JSON Alternative – Internet Object - dsego
https://internetobject.org/
======
snorremd
Internet Object, from my limited read-through, seems to be order sensitive in
a way that JSON is not. If you define a schema at the top with the available
properties in some order then the values must follow that same order.

And what happens with sparse data? In JSON you simply omit the properties (key
value pairs) from the JSON object all together when there is no data for the
given property. For Internet Object you presumably need to insert "null"
values in the column you have no data for?

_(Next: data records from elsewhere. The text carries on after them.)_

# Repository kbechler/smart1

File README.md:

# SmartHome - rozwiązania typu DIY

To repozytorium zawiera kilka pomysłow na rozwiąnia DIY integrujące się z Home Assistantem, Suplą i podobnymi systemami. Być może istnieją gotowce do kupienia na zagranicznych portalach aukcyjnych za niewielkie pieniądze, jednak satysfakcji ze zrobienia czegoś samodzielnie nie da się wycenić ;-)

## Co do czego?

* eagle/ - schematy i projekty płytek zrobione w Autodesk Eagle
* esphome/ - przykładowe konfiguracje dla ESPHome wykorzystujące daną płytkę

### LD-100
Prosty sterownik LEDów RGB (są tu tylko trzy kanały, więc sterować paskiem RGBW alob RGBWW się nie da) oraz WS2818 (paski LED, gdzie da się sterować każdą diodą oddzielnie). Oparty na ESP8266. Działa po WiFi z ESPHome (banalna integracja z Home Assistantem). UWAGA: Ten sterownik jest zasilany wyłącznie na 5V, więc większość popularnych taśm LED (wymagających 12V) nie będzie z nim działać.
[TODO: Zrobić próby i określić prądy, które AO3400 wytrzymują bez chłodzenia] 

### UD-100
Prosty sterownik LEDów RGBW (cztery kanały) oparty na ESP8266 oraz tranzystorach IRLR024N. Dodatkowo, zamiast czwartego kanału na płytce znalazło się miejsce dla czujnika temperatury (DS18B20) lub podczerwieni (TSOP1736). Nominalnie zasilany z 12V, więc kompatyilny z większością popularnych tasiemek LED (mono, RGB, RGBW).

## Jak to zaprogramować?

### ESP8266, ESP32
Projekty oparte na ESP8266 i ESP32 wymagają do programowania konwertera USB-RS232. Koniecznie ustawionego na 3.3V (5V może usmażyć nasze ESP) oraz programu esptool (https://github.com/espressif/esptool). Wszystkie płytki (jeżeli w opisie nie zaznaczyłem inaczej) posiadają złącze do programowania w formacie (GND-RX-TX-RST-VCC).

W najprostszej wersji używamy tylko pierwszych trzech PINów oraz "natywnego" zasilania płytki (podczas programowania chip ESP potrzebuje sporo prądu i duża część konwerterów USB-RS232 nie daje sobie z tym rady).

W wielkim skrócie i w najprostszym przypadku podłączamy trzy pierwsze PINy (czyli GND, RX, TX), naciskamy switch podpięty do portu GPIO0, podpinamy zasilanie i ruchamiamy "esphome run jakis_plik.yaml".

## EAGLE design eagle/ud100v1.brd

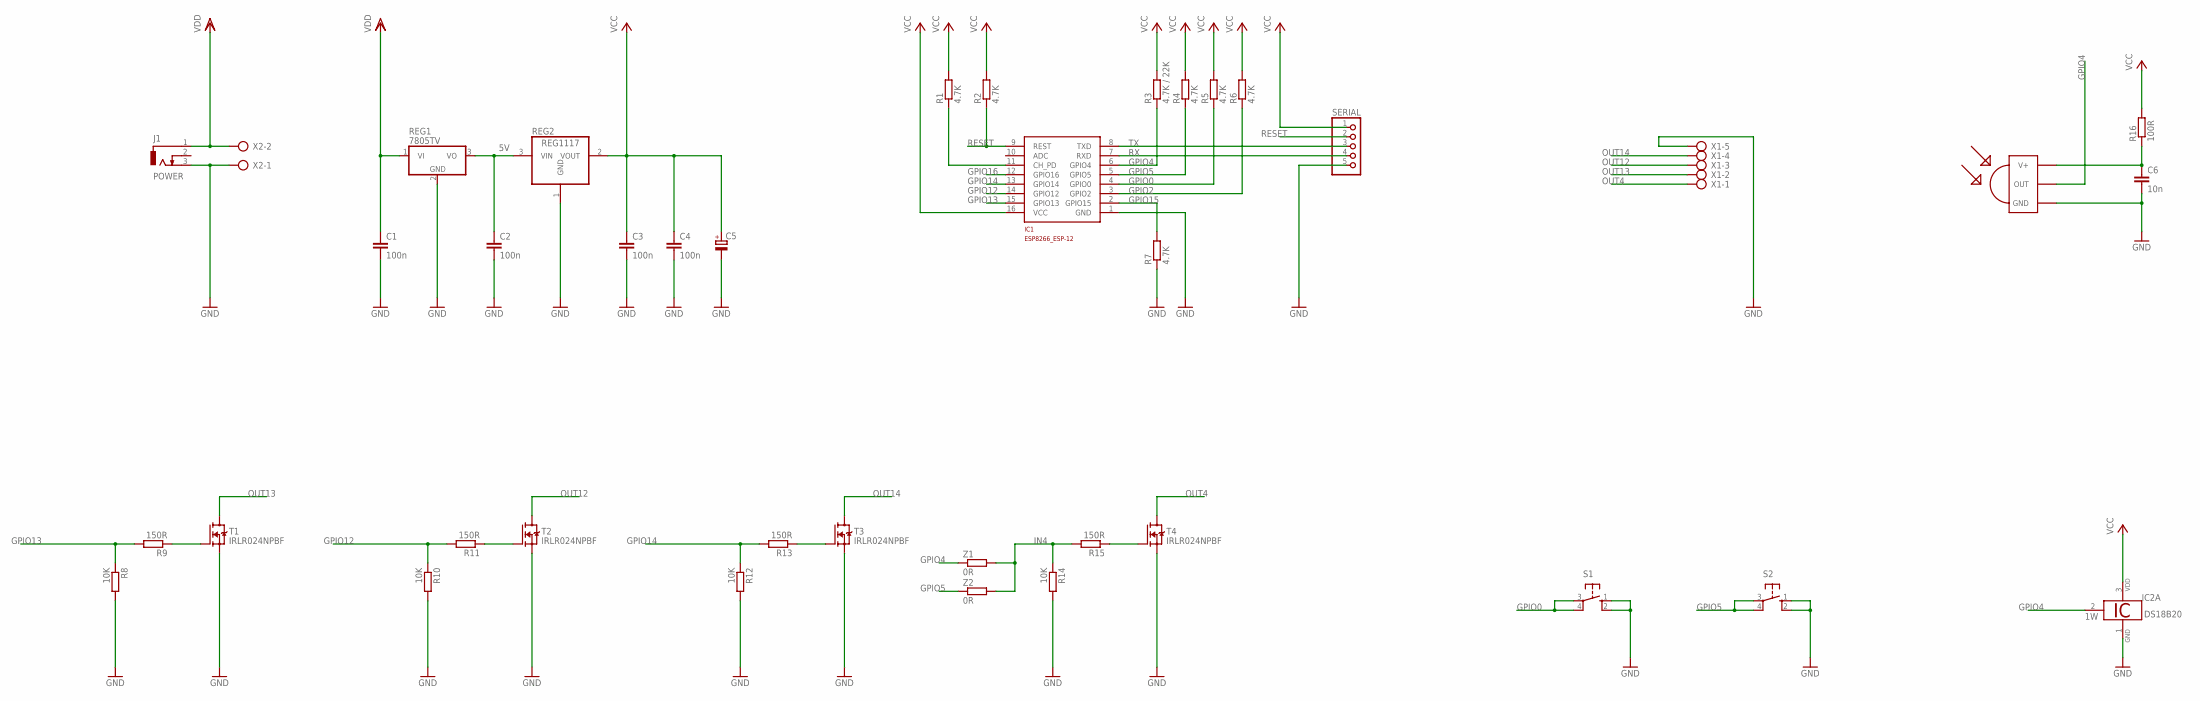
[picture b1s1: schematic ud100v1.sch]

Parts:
C1, C2, C3, C4: 100n; C1206
C5: CPOL-EUUD-6,3X8,8; UD-6,3X5,8_NICHICON
C6: 10n; C1206
IC1: ESP8266_ESP-12; ESP8266-ESP12
IC2: DS18B20; TO92-
J1: POWER; DCJ0303
R1, R2, R4, R5, R6, R7: 4.7K; R1206
R3: 4.7K / 22K; R1206
R8, R10, R12, R14: 10K; R1206
R9, R11, R13, R15: 150R; R1206
R16: 100R; R1206
REG1: 7805TV; TO220V
REG2: REG1117; SOT223
S1, S2: 10-XX; B3F-10XX
SERIAL: PINHD-1X5; 1X05
T1, T2, T3, T4: IRLR024NPBF; DPAK_TO252
U$1: TSOP1736; TSOP17XX
X1: AK500/5
X2: AK500/2
Z1, Z2: 0R; R0805

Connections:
5V: C2.1, REG1.3 (VO), REG2.3 (VIN)
GND: C1.2, C2.2, C3.2, C4.2, C5.-, C6.2, IC1.1 (GND), IC2.1 (GND), J1.3, R7.1, R8.2, R10.2, R12.2, R14.2, REG1.2 (GND), REG2.1 (GND), S1.1 (S), S1.2 (S1), S2.1 (S), S2.2 (S1), SERIAL.5, T1.3 (S), T2.3 (S), T3.3 (S), T4.3 (S), U$1.GND, X1.5, X2.1
GPIO0: IC1.4 (GPIO0), R5.1, S1.3, S1.4 (P1)
GPIO2: IC1.3 (GPIO2), R6.1
GPIO4: IC1.6 (GPIO4), IC2.2 (1W), R3.1, U$1.OUT, Z1.1
GPIO5: IC1.5 (GPIO5), R4.1, S2.3, S2.4 (P1), Z2.1
GPIO12: IC1.14 (GPIO12), R10.1, R11.2
GPIO13: IC1.15 (GPIO13), R8.1, R9.2
GPIO14: IC1.13 (GPIO14), R12.1, R13.2
GPIO15: IC1.2 (GPIO15), R7.2
GPIO16: IC1.12 (GPIO16)
IN4: R14.1, R15.2, Z1.2, Z2.2
unnamed: R15.1, T4.1 (G)
unnamed: IC1.11 (CH_PD), R1.1
unnamed: C6.1, R16.1, U$1.V+
unnamed: R13.1, T3.1 (G)
unnamed: R9.1, T1.1 (G)
unnamed: R11.1, T2.1 (G)
OUT4: T4.2 (D), X1.1
OUT12: T2.2 (D), X1.3
OUT13: T1.2 (D), X1.2
OUT14: T3.2 (D), X1.4
RESET: IC1.9 (REST), R2.1, SERIAL.2
RX: IC1.7 (RXD), SERIAL.4
TX: IC1.8 (TXD), SERIAL.3
VCC: C3.1, C4.1, C5.+, IC1.16 (VCC), IC2.3 (VDD), R1.2, R2.2, R3.2, R4.2, R5.2, R6.2, R16.2, REG2.2 (VOUT), SERIAL.1
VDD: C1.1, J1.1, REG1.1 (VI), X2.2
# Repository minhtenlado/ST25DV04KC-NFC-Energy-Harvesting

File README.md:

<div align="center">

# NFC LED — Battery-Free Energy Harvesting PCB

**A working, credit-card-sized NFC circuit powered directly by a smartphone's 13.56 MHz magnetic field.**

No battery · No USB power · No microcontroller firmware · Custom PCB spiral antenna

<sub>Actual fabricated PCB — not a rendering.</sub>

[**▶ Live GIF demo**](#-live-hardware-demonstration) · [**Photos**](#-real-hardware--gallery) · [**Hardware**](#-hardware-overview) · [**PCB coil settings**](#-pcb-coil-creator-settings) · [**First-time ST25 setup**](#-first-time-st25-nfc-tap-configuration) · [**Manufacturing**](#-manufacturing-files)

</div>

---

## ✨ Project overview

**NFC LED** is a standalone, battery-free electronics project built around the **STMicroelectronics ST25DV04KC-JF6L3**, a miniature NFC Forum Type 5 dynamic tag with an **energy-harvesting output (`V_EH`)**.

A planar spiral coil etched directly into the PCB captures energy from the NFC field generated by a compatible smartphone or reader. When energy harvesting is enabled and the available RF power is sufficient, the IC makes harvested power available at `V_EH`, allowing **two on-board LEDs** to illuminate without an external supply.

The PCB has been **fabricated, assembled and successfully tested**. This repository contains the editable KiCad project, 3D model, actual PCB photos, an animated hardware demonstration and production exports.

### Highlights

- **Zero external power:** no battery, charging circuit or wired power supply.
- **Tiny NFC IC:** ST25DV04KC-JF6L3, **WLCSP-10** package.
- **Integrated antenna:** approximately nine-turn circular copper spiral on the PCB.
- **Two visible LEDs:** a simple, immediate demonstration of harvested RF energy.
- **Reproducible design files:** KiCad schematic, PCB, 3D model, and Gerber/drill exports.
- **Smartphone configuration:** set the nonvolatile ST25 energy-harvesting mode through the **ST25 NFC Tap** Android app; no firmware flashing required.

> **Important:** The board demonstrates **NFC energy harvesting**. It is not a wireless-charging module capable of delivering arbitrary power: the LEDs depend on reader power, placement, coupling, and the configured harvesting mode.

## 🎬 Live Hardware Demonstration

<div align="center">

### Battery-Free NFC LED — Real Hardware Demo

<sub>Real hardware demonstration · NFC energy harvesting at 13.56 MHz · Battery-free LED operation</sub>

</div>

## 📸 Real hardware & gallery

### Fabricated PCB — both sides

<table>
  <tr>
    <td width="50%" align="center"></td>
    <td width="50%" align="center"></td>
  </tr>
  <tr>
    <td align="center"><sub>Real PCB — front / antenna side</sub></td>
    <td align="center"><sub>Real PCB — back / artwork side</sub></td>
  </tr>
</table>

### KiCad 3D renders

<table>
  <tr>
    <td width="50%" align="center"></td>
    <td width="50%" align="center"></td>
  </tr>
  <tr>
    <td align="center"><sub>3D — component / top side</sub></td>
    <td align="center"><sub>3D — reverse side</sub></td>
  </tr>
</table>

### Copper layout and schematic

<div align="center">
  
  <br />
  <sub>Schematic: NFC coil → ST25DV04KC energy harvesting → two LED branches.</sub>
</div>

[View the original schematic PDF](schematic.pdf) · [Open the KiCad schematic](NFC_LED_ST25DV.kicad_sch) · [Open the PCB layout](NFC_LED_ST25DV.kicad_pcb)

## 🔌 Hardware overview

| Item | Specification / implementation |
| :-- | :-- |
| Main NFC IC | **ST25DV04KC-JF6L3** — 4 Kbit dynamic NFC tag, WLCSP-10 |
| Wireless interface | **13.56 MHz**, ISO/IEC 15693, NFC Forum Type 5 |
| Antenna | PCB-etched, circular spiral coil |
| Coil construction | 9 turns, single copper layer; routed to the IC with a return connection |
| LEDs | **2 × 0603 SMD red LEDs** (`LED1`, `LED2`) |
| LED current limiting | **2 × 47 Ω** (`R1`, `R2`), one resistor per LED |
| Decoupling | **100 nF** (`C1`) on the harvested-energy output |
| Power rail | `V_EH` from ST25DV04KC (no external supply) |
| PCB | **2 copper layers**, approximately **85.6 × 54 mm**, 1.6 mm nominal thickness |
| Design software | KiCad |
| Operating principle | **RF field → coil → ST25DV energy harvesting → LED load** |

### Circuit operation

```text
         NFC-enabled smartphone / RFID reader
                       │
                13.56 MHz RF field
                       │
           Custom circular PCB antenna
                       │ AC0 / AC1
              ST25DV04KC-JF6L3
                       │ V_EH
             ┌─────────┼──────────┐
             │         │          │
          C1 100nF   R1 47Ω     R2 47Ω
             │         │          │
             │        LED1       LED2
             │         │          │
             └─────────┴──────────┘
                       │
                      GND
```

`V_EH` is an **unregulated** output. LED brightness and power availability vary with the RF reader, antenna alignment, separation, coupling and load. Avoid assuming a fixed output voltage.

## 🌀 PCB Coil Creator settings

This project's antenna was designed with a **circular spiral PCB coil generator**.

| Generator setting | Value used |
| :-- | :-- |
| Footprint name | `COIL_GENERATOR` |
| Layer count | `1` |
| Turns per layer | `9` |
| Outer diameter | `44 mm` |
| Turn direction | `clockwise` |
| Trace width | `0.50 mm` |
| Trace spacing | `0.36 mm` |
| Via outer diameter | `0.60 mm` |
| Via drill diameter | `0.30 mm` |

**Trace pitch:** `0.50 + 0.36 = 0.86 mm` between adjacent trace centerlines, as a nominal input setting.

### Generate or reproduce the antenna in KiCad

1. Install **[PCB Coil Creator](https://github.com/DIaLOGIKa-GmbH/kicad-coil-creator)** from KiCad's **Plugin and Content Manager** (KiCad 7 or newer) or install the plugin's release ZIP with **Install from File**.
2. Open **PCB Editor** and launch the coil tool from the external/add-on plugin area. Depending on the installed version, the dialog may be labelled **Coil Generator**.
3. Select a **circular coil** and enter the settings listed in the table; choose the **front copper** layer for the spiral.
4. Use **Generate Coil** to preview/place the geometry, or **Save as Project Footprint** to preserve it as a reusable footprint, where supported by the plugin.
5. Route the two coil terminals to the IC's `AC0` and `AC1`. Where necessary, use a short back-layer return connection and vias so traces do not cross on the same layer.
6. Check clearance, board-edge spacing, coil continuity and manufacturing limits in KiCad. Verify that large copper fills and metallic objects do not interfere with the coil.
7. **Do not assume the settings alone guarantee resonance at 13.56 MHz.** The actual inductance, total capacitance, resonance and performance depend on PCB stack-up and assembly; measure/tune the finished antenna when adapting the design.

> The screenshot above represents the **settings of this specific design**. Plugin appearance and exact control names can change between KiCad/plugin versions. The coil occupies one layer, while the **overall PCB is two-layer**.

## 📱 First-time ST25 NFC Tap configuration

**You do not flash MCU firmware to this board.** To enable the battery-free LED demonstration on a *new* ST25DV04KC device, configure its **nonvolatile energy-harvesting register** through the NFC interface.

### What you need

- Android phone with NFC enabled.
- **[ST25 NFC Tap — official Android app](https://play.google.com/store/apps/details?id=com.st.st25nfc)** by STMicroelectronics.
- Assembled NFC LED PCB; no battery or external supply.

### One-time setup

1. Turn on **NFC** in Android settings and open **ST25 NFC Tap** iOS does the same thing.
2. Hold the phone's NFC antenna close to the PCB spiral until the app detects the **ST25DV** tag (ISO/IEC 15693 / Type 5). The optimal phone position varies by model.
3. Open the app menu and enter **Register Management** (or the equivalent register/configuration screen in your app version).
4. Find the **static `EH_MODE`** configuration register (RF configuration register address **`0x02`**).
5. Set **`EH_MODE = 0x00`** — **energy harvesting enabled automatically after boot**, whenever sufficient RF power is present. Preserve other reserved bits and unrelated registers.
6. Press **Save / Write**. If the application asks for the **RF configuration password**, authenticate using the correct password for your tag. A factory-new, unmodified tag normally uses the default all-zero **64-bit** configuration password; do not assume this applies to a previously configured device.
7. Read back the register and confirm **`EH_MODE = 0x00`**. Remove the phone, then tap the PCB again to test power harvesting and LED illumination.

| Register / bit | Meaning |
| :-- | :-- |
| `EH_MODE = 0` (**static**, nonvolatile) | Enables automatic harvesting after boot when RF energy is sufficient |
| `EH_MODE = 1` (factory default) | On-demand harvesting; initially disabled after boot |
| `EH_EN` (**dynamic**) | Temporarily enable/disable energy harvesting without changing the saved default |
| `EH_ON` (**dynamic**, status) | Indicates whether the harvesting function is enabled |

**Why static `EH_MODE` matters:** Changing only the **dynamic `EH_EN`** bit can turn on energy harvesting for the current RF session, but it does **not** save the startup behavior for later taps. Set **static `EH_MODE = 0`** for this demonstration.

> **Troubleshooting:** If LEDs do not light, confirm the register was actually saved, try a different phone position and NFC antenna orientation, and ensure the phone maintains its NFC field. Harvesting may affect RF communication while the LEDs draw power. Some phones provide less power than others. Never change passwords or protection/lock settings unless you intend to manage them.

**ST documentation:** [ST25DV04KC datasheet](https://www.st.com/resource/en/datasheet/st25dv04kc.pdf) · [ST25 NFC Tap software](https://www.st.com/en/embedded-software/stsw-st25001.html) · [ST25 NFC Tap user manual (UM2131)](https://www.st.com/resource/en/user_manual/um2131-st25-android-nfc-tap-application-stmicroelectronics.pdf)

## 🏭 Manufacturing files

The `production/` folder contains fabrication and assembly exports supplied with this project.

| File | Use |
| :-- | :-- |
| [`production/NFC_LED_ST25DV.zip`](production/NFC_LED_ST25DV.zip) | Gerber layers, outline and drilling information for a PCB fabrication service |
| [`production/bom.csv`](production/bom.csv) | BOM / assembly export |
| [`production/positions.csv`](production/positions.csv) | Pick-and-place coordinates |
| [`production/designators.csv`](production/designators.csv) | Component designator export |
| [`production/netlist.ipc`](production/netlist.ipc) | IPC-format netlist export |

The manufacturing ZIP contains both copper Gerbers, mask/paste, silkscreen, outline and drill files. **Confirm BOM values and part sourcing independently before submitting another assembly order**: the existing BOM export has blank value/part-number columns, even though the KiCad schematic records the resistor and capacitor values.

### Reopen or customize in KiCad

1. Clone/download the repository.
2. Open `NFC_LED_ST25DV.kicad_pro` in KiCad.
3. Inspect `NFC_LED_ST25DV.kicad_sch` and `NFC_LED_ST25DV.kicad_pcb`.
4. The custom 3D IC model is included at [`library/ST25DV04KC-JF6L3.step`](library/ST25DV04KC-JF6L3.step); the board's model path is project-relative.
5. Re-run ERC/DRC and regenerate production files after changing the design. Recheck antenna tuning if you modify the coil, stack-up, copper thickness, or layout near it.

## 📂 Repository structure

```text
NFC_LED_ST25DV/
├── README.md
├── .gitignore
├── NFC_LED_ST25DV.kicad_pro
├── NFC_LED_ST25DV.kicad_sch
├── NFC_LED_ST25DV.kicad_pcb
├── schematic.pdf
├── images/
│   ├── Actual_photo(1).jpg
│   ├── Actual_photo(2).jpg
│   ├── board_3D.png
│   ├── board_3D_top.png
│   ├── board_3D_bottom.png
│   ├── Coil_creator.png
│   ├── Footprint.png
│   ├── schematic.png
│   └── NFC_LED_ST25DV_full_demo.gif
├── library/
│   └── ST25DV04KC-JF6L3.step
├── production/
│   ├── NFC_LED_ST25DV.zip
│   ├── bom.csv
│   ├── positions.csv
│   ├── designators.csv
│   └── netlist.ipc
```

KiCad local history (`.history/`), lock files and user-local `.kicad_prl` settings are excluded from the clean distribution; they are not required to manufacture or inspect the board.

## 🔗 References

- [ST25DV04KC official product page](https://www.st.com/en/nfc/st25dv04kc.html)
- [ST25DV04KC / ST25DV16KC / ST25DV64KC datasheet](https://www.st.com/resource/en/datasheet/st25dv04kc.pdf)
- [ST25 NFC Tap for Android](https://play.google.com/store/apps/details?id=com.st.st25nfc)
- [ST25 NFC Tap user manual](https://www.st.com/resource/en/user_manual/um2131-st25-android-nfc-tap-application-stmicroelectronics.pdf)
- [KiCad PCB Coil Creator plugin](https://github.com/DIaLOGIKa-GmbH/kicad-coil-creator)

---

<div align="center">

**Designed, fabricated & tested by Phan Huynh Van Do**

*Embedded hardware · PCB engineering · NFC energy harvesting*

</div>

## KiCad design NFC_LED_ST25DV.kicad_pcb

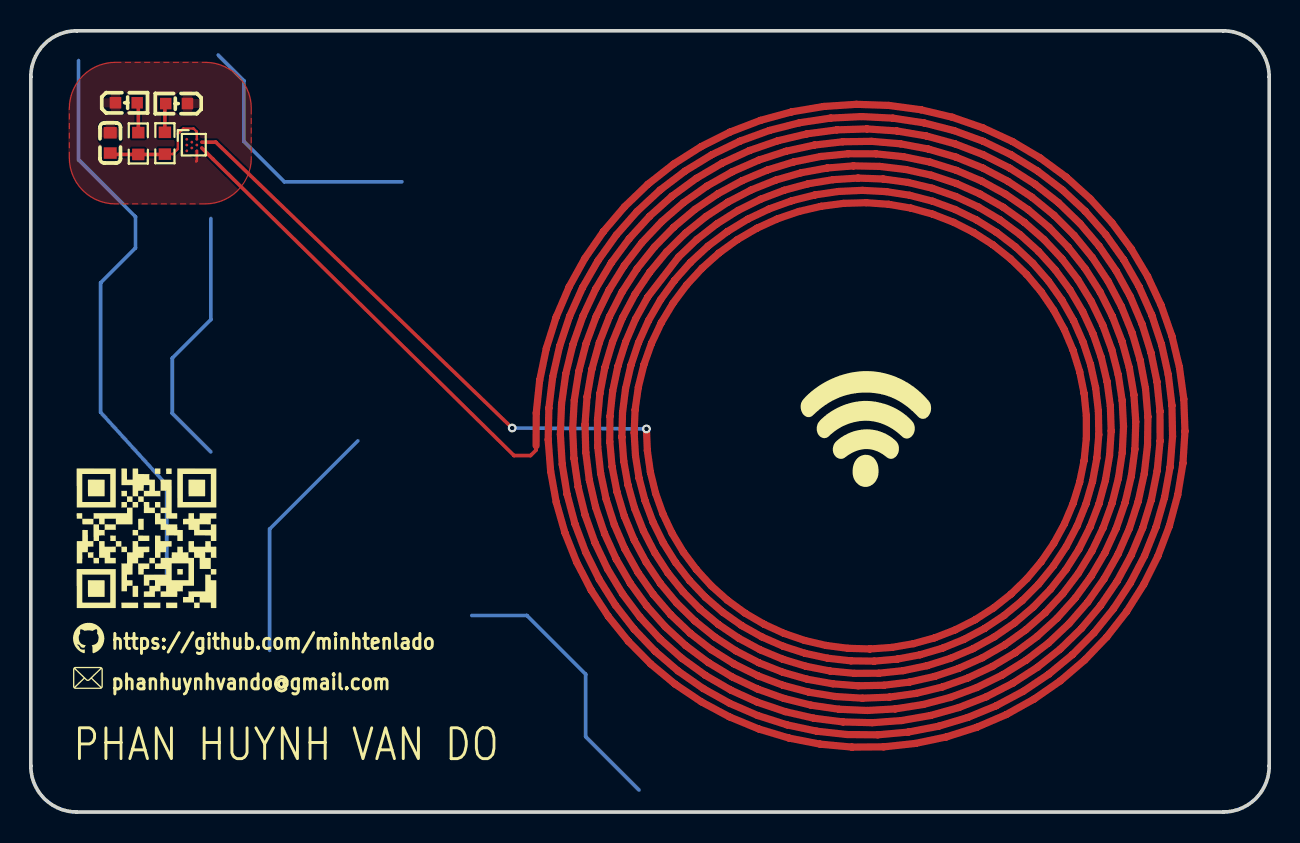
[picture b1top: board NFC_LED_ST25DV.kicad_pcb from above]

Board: 2 copper layers, 85.6 x 54.0 mm, 6 parts (0 on the bottom side), 5 nets.

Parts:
C1: C0603
LED1, LED2: LED-SMD_L1.6-W0.8-R-RD
R1, R2: R0603
U1: WLCSP-10_L1.7-W1.5-P0.50_ST_ST25DVXX

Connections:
$1N9: C1.2, R1.2, R2.2, U1.A3
$1N10: LED2.1, R2.1
$1N11: LED1.1, R1.1
ANT2: U1.B4, U1.D4
GND: C1.1, LED1.2, LED2.2, U1.E3

I can see how omitting the "header" names from each "object" in a vector/array
of objects can save space, but there are no mentions of trade-offs. And if you
gzip a JSON body then the compression algorithm will get rid of those repeated
bytes in any case, at the expense of some additional CPU resources being used.
Running the example data through gzip proves this:

Original sizes:

\- io: 51K

\- json: 88K

gzip sizes:

\- io: 20K

\- json: 21K

The more interesting tidbit was the embedded schema for validation of data I
think. The splitting "headers" and data seems less important. I also think
maybe showing some speed comparisons of serializing and deserializing internet
object and json data would be nice. Though this would necessarily depend on
using the same programming language and writing an optimal internet object
serializer to get a fair comparison.

This comment might come off as overly negative or disparaging. Kudos to the
author for coming up with a new data format to solve an observed problem.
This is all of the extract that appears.